Zwischen Januar und Mai 2026 exportierte Argentinien 7.645 Tonnen Schweinefleisch und Nebenprodukte im Wert von 10,037 Mio. US-Dollar, ein Plus von 156,8% im Wert gegenüber dem Vorjahr. Branchenvertreter sehen die Chance für Amerika, führender Schweinefleischlieferant zu werden.
Serbien will in diesem Jahr zum wichtigsten Apfellieferanten für den russischen Markt werden und Polen sowie Moldau überholen, berichtet NOI.md unter Berufung auf die Fachpublikation APK-Inform: Gemüse & Obst. Mengen und Preise wurden nicht genannt.
Senf-, Soja-, Erdnuss-, Palm- und Baumwollsaatöl sind in Indien in der vergangenen Woche gestiegen, gestützt durch feste internationale Notierungen, eine schwächere Rupie und geringere Anlieferungen der Bauern. Laut Livemint verteuerten sich dadurch auch importierte Speiseöle, während Verarbeiter in Latur ihre Ankaufspreise anheben, um mehr Ware von den Bauern zu bekommen.
Der World Processing Tomato Council erwartet für 2026 eine weltweite Verarbeitungstomaten-Produktion von 39,8 Millionen Tonnen, unter der 40-Millionen-Marke, da Spanien, Iran, Griechenland und Brasilien ihre Ernten kürzen. Die Ukraine hält ihre Erzeugung bei 550.000 Tonnen, doch die Preise für frische Gewächshaustomaten bleiben deutlich über dem Vorjahr.
Eier aus Käfighaltung sind in Spanien seit April um 30% gefallen, da wegen der Vogelgrippe geräumte Betriebe wieder produzieren. Die Eierimporte aus Nicht-EU-Ländern stiegen in Spanien Anfang 2026 um 750%, 90% davon aus der Ukraine, so das Beratungsunternehmen Areté.
Kriminelle Gruppen in Mexiko sind von der Erpressung von Holzfällern zur direkten Kontrolle von Waldgebieten übergegangen und bestimmen, wer Holz ernten und verkaufen darf. Offizielle Studien beziffern die durch illegalen Holzeinschlag entgangene Einkommensteuer auf bis zu 20,745 Millionen Pesos pro Jahr und mindestens 8% der Bruttoentwaldung.
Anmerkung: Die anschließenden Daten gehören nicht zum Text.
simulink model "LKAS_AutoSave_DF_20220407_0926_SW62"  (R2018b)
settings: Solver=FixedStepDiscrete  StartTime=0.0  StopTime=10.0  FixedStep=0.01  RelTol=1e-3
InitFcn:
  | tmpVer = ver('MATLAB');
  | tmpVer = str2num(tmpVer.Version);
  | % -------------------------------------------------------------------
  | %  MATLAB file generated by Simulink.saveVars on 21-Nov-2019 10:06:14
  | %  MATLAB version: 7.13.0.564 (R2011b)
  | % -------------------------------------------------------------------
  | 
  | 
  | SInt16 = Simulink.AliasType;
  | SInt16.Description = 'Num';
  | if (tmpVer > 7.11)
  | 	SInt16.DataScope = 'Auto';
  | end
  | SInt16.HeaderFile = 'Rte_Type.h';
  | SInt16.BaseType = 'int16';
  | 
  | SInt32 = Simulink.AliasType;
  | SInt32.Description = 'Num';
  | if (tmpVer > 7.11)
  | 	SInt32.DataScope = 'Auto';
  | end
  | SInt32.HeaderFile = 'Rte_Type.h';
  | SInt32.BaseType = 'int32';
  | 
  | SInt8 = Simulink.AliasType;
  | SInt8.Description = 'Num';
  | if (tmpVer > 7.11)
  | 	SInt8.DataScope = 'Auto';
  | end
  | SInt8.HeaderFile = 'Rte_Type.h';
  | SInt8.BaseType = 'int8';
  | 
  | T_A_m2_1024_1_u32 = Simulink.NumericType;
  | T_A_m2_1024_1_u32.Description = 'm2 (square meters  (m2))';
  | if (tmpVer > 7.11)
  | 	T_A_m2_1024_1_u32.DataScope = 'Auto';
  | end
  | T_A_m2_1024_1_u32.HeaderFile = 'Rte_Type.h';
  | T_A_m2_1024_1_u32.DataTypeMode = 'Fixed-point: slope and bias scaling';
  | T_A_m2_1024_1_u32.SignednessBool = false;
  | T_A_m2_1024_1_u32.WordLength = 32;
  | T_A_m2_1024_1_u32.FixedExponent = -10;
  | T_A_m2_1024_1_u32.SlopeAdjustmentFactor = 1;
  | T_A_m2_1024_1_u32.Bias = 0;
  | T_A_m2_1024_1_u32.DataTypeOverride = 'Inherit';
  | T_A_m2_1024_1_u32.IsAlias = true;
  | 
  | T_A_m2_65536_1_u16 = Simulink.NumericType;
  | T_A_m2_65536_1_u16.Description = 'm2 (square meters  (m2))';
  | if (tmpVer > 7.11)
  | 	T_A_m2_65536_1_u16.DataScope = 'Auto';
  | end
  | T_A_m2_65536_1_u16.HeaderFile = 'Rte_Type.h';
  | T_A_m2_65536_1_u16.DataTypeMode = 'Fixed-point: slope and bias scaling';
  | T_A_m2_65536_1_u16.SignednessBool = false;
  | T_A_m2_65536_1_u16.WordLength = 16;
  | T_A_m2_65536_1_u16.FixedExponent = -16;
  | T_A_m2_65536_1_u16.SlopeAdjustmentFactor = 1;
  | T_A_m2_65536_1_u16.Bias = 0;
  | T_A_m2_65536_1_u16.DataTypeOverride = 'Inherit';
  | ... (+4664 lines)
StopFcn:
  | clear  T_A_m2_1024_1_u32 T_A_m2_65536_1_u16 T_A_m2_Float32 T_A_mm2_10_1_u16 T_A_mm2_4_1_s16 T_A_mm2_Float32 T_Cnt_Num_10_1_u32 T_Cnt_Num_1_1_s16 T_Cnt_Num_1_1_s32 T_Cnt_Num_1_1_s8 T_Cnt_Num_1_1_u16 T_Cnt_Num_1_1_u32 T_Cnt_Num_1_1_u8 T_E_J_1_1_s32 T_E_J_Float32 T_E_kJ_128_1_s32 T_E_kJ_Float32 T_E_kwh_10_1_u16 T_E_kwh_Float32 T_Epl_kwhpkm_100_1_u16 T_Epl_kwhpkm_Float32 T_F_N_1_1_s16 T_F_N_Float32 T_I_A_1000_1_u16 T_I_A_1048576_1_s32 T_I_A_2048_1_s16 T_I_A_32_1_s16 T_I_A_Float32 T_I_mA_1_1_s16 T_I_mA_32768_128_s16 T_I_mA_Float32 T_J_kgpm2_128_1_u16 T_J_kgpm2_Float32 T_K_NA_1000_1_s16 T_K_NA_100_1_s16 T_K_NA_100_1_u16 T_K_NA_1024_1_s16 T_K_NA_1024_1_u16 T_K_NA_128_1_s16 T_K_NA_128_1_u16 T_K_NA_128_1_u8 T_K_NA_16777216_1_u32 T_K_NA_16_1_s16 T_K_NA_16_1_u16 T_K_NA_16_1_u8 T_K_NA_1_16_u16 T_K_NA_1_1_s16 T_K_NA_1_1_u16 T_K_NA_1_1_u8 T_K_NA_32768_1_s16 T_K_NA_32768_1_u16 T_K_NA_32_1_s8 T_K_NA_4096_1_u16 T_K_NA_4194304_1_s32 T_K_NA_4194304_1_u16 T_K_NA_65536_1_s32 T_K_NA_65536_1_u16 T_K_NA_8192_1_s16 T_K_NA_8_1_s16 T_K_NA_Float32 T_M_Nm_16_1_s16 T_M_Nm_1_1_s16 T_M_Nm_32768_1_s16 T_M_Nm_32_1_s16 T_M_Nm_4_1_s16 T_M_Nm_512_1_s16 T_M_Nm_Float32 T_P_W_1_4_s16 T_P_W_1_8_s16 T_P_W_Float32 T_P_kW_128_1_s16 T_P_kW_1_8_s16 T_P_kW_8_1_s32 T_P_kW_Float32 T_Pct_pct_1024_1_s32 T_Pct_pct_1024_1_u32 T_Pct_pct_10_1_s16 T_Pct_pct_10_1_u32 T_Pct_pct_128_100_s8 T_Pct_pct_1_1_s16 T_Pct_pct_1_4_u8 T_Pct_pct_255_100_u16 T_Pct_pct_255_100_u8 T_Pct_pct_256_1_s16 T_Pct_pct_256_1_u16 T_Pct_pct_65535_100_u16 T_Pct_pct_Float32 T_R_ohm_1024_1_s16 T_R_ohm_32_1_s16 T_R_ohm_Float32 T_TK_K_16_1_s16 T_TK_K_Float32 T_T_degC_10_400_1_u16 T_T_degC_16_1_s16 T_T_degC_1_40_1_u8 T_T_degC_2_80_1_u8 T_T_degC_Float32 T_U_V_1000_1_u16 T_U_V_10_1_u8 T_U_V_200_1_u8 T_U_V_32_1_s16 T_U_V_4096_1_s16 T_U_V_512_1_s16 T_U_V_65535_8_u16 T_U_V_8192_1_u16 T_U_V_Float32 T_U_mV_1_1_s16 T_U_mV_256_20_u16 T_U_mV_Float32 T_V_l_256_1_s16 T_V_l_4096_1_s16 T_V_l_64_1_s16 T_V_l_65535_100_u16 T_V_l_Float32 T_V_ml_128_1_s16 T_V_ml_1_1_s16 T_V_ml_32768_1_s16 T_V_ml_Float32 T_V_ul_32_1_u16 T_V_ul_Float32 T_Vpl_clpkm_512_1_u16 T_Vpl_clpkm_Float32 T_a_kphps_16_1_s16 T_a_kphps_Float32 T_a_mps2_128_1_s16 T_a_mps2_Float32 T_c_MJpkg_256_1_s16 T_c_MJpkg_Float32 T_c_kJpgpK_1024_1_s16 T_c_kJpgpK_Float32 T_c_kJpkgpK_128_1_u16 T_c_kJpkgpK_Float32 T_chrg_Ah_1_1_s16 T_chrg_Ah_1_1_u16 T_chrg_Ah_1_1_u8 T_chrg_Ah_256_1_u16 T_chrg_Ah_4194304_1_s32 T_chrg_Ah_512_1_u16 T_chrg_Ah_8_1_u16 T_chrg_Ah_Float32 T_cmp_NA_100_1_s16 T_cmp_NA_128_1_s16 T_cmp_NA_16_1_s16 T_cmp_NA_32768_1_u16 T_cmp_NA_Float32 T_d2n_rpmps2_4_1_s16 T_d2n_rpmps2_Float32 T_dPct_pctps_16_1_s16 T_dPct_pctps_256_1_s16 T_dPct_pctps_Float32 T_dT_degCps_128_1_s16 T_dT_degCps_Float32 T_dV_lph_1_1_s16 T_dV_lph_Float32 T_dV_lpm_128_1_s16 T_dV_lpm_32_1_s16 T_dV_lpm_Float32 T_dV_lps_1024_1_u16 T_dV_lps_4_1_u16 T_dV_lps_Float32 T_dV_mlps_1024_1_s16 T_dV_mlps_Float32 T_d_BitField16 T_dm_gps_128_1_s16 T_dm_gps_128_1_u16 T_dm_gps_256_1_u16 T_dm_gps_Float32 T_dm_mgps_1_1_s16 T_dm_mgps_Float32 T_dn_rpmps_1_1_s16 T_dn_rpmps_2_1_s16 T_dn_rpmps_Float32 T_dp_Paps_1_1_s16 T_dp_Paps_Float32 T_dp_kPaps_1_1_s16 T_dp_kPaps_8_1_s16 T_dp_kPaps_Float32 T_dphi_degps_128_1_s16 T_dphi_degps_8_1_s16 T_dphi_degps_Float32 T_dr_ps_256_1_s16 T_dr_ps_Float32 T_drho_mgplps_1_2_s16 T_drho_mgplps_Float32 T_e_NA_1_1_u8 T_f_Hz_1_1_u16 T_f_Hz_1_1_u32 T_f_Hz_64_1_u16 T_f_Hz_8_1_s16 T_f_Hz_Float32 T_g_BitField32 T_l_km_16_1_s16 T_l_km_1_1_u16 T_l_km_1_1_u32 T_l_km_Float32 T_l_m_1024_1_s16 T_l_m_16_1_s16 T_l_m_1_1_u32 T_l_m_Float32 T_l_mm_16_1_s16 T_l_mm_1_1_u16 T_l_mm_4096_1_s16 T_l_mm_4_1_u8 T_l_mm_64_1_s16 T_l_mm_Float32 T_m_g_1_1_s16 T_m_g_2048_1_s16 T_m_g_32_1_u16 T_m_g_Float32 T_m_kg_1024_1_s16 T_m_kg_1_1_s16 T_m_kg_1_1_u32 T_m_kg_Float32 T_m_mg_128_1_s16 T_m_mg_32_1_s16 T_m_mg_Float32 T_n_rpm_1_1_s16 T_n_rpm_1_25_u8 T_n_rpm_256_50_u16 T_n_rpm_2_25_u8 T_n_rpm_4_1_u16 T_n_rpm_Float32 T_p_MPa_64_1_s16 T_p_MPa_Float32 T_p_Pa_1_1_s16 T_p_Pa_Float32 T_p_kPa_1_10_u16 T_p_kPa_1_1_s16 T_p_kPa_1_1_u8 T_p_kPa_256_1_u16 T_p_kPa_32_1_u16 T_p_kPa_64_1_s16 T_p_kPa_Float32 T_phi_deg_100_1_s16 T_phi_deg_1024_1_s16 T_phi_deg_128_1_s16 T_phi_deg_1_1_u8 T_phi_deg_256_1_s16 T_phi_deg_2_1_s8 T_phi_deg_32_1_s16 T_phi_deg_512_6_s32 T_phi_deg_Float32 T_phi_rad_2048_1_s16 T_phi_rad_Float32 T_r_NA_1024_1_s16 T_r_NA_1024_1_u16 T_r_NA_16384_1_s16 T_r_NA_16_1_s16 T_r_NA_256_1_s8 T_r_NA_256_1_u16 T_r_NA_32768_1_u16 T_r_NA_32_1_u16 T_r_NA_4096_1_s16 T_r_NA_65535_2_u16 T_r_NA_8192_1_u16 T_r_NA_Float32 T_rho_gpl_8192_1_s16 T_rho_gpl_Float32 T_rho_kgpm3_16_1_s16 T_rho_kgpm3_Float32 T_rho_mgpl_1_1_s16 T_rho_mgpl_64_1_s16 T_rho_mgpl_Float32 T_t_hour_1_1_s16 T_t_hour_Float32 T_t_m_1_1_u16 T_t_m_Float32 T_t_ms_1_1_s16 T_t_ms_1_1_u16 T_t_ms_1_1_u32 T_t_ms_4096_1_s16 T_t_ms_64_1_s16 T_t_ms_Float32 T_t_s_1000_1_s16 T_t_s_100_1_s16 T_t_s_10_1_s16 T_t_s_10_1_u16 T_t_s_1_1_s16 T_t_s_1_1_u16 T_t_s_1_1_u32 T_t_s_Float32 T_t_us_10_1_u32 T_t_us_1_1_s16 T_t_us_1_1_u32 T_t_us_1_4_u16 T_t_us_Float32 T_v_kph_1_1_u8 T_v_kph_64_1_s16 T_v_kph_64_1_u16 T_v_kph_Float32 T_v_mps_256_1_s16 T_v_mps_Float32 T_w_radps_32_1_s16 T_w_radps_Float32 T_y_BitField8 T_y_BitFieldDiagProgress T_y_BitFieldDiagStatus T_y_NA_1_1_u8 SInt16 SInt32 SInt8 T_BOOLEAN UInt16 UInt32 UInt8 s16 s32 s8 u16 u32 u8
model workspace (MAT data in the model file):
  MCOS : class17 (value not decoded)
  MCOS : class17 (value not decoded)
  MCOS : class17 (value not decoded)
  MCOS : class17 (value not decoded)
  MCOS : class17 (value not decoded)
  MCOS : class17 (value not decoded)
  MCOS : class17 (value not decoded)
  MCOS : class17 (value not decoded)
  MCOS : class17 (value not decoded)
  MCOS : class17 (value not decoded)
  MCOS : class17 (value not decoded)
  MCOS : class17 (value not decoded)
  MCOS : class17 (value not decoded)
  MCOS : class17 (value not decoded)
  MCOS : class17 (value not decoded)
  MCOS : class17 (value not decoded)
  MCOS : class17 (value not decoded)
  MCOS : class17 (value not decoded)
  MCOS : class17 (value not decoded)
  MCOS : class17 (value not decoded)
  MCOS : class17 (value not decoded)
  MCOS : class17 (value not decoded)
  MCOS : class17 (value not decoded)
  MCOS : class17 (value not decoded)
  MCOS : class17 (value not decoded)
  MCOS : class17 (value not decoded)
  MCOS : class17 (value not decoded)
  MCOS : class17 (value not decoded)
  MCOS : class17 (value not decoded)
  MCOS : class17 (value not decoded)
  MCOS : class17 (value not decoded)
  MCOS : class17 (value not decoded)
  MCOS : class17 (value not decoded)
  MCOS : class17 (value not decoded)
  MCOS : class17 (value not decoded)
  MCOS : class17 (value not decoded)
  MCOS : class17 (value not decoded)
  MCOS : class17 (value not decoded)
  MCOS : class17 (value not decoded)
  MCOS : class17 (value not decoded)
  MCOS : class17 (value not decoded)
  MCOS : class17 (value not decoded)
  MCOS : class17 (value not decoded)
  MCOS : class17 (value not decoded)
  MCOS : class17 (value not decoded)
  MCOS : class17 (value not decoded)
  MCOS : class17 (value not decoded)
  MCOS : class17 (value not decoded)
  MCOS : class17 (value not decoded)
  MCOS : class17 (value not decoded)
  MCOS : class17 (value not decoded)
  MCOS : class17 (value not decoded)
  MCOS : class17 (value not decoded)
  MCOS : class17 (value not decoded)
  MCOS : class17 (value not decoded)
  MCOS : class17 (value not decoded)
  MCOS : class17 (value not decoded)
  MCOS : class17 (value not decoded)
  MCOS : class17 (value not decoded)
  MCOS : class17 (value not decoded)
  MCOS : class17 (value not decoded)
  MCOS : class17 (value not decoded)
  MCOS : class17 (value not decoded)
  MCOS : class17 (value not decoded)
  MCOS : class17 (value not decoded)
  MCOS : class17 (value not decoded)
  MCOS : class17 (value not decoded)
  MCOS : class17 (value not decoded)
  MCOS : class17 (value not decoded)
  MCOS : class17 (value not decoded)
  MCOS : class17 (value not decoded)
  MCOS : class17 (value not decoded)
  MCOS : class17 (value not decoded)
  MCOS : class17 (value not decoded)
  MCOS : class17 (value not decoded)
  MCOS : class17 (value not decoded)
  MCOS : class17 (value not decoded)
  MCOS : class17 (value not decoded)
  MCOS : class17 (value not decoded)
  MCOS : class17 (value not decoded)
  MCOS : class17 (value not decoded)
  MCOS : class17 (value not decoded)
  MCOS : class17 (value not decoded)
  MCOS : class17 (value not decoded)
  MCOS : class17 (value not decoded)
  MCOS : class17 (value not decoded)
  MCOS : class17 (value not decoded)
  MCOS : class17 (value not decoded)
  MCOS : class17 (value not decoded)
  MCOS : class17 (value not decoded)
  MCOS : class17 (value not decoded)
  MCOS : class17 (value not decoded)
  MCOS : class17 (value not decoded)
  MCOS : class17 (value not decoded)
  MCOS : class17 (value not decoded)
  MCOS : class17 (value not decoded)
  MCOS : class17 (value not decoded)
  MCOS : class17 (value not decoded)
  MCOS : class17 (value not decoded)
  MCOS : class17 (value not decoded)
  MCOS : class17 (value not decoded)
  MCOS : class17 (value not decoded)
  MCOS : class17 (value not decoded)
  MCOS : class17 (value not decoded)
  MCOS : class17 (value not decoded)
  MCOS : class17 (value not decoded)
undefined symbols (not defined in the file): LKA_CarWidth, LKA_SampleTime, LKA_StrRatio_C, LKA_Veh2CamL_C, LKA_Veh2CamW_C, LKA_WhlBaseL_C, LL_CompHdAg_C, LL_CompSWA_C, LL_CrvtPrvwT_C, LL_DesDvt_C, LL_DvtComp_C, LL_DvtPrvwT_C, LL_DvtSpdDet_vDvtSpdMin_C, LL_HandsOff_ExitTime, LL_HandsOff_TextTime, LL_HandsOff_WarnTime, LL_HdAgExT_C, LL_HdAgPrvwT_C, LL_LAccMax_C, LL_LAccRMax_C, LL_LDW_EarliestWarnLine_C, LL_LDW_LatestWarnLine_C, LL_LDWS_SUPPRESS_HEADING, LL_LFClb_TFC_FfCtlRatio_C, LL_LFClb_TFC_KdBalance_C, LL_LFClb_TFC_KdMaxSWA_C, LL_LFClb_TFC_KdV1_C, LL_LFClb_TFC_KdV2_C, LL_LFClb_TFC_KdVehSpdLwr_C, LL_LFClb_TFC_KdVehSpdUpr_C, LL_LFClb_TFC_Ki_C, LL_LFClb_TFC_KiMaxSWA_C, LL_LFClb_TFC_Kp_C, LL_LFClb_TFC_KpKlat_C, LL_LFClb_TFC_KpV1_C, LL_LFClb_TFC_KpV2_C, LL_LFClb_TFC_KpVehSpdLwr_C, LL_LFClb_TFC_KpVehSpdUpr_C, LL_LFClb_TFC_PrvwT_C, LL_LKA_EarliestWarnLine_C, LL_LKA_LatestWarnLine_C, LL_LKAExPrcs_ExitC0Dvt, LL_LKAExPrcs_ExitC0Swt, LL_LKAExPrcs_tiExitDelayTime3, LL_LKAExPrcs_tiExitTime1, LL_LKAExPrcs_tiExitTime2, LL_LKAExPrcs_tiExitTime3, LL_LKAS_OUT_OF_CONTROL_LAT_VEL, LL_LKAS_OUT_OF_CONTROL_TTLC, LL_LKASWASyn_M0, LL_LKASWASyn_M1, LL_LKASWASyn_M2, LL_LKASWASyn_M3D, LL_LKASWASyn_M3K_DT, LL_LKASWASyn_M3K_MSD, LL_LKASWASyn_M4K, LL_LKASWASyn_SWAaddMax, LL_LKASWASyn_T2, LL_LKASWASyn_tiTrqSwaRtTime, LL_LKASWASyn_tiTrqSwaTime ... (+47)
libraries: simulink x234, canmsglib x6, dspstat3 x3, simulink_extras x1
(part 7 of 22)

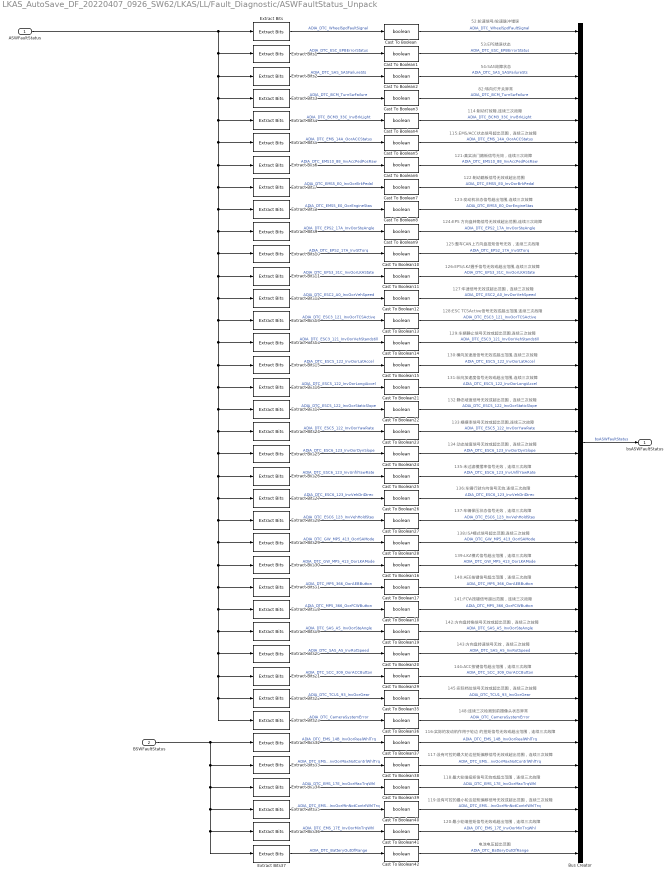
== system LKAS_AutoSave_DF_20220407_0926_SW62/LKAS/LL/Fault_Diagnostic/ASWFaultStatus_Unpack ==
  note: 132:静态坡度信号无效或超出范围，连续三次故障
  note: 133:横摆率信号无效或超出范围,连续三次故障
  note: 135:未过滤横摆率信号无效，连续三次故障
  note: 138:ISA模式信号超出范围,连续三次故障
  note: 136:车辆行驶方向信号无效,连续三次故障
  note: 141:FCW按键信号超出范围，连续三次故障
  note: 127:车速信号无效或超出范围，连续三次故障
  note: 125:整车CAN上方向盘扭矩信号无效，连续三次故障
  note: 126:EPS/LKA握手信号无效或超出范围,连续三次故障
  note: 128:ESC TCSActive信号无效或超出范围,连续三次故障
  note: 140:AEB按键信号超出范围，连续三次故障
  note: 129:车辆静止信号无效或超出范围,连续三次故障
  note: 131:纵向加速度信号无效或超出范围,连续三次故障
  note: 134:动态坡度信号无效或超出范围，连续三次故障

Ägyptens Agrarexporte haben in diesem Jahr 5,8 Millionen Tonnen überschritten, angeführt von über 2,2 Millionen Tonnen Zitrusfrüchten, so Landwirtschaftsminister Alaa Farouk. Das Ministerium führt das Wachstum auf steigende Nachfrage und neu geöffnete Exportmärkte mit strengen Quarantäneregeln zurück.
Der Thinktank CERI fordert eine strengere Durchsetzung der indonesischen Inlandslieferpflicht für Kohle (DMO) und hält die Strafe von 5 US-Dollar je Tonne angesichts eines Exportpreises von rund 68 US-Dollar für zu schwach. Die Generaldirektion Minerba erklärt, Bergbauunternehmen seien beauftragt, dem staatlichen Versorger PT PLN 212 Millionen Tonnen Kohle zu liefern — mehr als der Bedarf von 154 Millionen Tonnen für 2026.
China produzierte 2022 laut FAOSTAT 21,3 Millionen Tonnen Knoblauch – rund 73% der weltweiten 29,1 Millionen Tonnen. 2024 führte das Land zudem die Exporte von frischem Knoblauch an, mit 3,15 Milliarden US-Dollar Umsatz und 2,353 Milliarden Kilogramm. Diese Konzentration macht chinesisches Angebot entscheidend für die Weltmarktpreise.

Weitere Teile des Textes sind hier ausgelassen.